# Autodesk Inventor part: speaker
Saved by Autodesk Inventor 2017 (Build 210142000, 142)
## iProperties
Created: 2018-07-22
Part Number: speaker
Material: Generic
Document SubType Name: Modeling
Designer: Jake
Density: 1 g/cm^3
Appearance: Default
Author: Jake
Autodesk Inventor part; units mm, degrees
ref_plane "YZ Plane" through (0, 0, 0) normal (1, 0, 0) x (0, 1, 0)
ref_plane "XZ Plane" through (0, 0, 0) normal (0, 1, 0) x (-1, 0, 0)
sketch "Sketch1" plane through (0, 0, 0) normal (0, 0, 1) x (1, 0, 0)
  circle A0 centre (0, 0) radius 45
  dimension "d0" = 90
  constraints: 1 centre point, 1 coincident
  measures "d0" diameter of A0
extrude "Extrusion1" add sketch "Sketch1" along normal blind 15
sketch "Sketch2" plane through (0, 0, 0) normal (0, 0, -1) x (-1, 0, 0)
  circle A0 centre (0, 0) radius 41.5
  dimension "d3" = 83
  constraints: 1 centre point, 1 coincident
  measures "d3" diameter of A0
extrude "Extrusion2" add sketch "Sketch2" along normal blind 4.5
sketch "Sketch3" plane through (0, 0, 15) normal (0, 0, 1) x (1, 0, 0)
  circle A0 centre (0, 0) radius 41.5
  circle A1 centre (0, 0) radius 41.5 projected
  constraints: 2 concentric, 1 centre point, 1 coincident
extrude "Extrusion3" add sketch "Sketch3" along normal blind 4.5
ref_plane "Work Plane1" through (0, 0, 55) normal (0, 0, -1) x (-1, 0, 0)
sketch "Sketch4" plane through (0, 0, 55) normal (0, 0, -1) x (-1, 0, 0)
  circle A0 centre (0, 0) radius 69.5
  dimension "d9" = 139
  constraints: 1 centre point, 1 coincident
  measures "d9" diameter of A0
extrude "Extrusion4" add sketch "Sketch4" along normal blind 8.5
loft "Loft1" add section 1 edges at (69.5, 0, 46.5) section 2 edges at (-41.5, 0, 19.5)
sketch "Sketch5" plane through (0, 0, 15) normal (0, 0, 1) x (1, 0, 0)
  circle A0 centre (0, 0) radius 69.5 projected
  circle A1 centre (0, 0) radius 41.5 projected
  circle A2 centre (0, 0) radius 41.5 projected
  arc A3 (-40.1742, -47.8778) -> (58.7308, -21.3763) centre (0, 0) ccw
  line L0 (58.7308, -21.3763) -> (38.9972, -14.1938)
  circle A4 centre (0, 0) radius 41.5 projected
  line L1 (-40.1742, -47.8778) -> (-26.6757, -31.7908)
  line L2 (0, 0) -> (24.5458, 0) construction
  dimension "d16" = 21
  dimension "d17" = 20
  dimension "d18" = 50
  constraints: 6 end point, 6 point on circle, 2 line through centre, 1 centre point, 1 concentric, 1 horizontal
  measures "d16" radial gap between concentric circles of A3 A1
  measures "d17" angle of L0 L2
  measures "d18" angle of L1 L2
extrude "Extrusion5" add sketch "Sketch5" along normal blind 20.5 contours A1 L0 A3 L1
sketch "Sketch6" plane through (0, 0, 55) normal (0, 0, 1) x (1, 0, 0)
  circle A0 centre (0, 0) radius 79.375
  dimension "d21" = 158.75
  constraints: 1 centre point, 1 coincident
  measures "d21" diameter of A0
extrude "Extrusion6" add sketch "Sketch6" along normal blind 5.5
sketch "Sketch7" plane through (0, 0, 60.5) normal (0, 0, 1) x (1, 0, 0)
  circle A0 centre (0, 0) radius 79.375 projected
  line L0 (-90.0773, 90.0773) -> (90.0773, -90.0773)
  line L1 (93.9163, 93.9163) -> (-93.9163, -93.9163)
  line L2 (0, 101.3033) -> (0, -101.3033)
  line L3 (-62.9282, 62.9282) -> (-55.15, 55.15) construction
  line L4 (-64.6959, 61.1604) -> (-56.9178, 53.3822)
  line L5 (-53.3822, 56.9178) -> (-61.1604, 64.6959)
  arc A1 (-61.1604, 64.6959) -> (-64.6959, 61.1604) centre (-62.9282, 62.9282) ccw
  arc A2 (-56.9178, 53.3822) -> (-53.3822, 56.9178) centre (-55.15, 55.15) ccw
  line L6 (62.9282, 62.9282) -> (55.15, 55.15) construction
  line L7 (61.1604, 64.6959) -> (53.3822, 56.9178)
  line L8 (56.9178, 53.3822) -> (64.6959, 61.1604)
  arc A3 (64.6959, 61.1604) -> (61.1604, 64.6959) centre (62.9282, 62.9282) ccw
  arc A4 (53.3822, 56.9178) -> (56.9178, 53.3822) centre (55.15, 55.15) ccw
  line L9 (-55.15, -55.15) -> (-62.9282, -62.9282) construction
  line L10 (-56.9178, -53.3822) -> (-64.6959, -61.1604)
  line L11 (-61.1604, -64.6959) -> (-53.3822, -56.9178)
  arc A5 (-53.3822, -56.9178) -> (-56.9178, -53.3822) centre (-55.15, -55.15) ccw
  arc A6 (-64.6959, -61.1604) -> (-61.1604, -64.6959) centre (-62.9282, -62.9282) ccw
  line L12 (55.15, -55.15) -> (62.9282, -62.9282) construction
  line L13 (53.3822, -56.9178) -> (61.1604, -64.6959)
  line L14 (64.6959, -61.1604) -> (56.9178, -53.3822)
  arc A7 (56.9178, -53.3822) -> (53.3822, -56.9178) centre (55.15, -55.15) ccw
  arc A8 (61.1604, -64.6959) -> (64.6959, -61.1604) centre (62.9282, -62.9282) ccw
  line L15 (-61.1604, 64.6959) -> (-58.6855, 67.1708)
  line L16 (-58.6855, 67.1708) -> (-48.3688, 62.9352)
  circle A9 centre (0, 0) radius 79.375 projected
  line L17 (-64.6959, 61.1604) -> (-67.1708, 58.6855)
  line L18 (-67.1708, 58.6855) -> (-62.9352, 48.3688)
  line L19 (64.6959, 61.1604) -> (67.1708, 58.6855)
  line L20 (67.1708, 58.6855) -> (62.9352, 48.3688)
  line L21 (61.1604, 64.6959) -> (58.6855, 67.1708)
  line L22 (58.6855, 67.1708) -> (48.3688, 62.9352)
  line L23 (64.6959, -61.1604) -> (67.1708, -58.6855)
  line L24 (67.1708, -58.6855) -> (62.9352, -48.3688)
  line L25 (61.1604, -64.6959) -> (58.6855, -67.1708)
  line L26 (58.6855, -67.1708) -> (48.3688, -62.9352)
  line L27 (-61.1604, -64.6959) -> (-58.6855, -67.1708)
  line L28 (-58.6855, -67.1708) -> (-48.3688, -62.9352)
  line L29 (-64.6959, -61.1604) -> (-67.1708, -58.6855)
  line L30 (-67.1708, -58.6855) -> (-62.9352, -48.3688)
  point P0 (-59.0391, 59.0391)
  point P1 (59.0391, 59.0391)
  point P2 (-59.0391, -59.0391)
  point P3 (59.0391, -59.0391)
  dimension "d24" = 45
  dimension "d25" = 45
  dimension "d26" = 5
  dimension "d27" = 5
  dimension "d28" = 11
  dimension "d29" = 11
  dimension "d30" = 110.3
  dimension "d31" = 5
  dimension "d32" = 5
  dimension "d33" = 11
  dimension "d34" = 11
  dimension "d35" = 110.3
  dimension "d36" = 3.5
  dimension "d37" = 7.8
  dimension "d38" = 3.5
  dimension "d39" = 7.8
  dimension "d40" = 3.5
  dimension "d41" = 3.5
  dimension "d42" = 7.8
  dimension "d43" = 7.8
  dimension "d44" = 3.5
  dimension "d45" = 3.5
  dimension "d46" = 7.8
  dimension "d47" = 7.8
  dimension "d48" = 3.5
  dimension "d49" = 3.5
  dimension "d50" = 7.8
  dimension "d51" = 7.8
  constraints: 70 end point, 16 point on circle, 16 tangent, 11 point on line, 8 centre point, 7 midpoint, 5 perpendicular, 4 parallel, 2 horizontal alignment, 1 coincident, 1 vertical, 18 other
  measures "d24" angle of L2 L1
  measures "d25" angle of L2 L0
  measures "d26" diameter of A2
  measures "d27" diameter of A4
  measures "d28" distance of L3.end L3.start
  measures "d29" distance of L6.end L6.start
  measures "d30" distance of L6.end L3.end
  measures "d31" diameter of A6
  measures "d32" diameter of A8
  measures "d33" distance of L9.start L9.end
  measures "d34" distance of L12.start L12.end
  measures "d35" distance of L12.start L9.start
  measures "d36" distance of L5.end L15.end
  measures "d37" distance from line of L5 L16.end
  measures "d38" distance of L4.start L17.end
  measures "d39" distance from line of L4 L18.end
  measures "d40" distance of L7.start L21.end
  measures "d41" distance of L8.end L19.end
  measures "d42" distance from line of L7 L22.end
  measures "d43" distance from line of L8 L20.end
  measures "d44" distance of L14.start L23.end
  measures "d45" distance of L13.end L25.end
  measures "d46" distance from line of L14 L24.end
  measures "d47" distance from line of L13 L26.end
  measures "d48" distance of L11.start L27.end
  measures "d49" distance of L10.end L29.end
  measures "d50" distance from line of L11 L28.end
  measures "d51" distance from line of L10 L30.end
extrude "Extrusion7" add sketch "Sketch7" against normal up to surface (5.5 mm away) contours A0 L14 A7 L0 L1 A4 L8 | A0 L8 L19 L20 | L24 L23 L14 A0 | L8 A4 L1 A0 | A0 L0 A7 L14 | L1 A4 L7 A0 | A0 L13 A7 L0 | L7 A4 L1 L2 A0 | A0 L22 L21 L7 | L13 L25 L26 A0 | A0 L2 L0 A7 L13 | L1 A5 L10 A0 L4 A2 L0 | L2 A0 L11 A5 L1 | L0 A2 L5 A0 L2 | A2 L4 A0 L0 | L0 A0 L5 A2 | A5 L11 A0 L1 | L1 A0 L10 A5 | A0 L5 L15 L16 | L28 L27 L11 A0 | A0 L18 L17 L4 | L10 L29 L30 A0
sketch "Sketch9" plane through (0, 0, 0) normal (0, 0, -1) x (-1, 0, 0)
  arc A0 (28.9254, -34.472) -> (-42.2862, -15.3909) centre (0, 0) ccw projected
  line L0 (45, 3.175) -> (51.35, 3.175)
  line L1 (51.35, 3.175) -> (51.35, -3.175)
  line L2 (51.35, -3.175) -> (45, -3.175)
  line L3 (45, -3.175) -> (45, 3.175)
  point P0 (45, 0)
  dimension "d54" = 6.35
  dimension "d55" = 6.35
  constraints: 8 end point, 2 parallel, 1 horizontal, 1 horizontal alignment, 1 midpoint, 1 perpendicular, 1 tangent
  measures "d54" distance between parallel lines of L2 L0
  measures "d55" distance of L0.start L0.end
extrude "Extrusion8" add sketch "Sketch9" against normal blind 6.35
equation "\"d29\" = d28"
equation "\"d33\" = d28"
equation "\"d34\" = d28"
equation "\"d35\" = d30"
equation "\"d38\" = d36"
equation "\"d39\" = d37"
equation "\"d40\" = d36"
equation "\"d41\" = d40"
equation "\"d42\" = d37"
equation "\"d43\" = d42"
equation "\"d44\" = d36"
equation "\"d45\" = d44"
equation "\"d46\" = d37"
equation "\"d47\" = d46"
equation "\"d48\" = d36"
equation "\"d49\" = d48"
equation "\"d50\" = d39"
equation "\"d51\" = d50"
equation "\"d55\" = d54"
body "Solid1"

▸ What you will do: Check each line of the data above for the string "Inventor" and report only how many lines have it.

▸ Result of this task: 3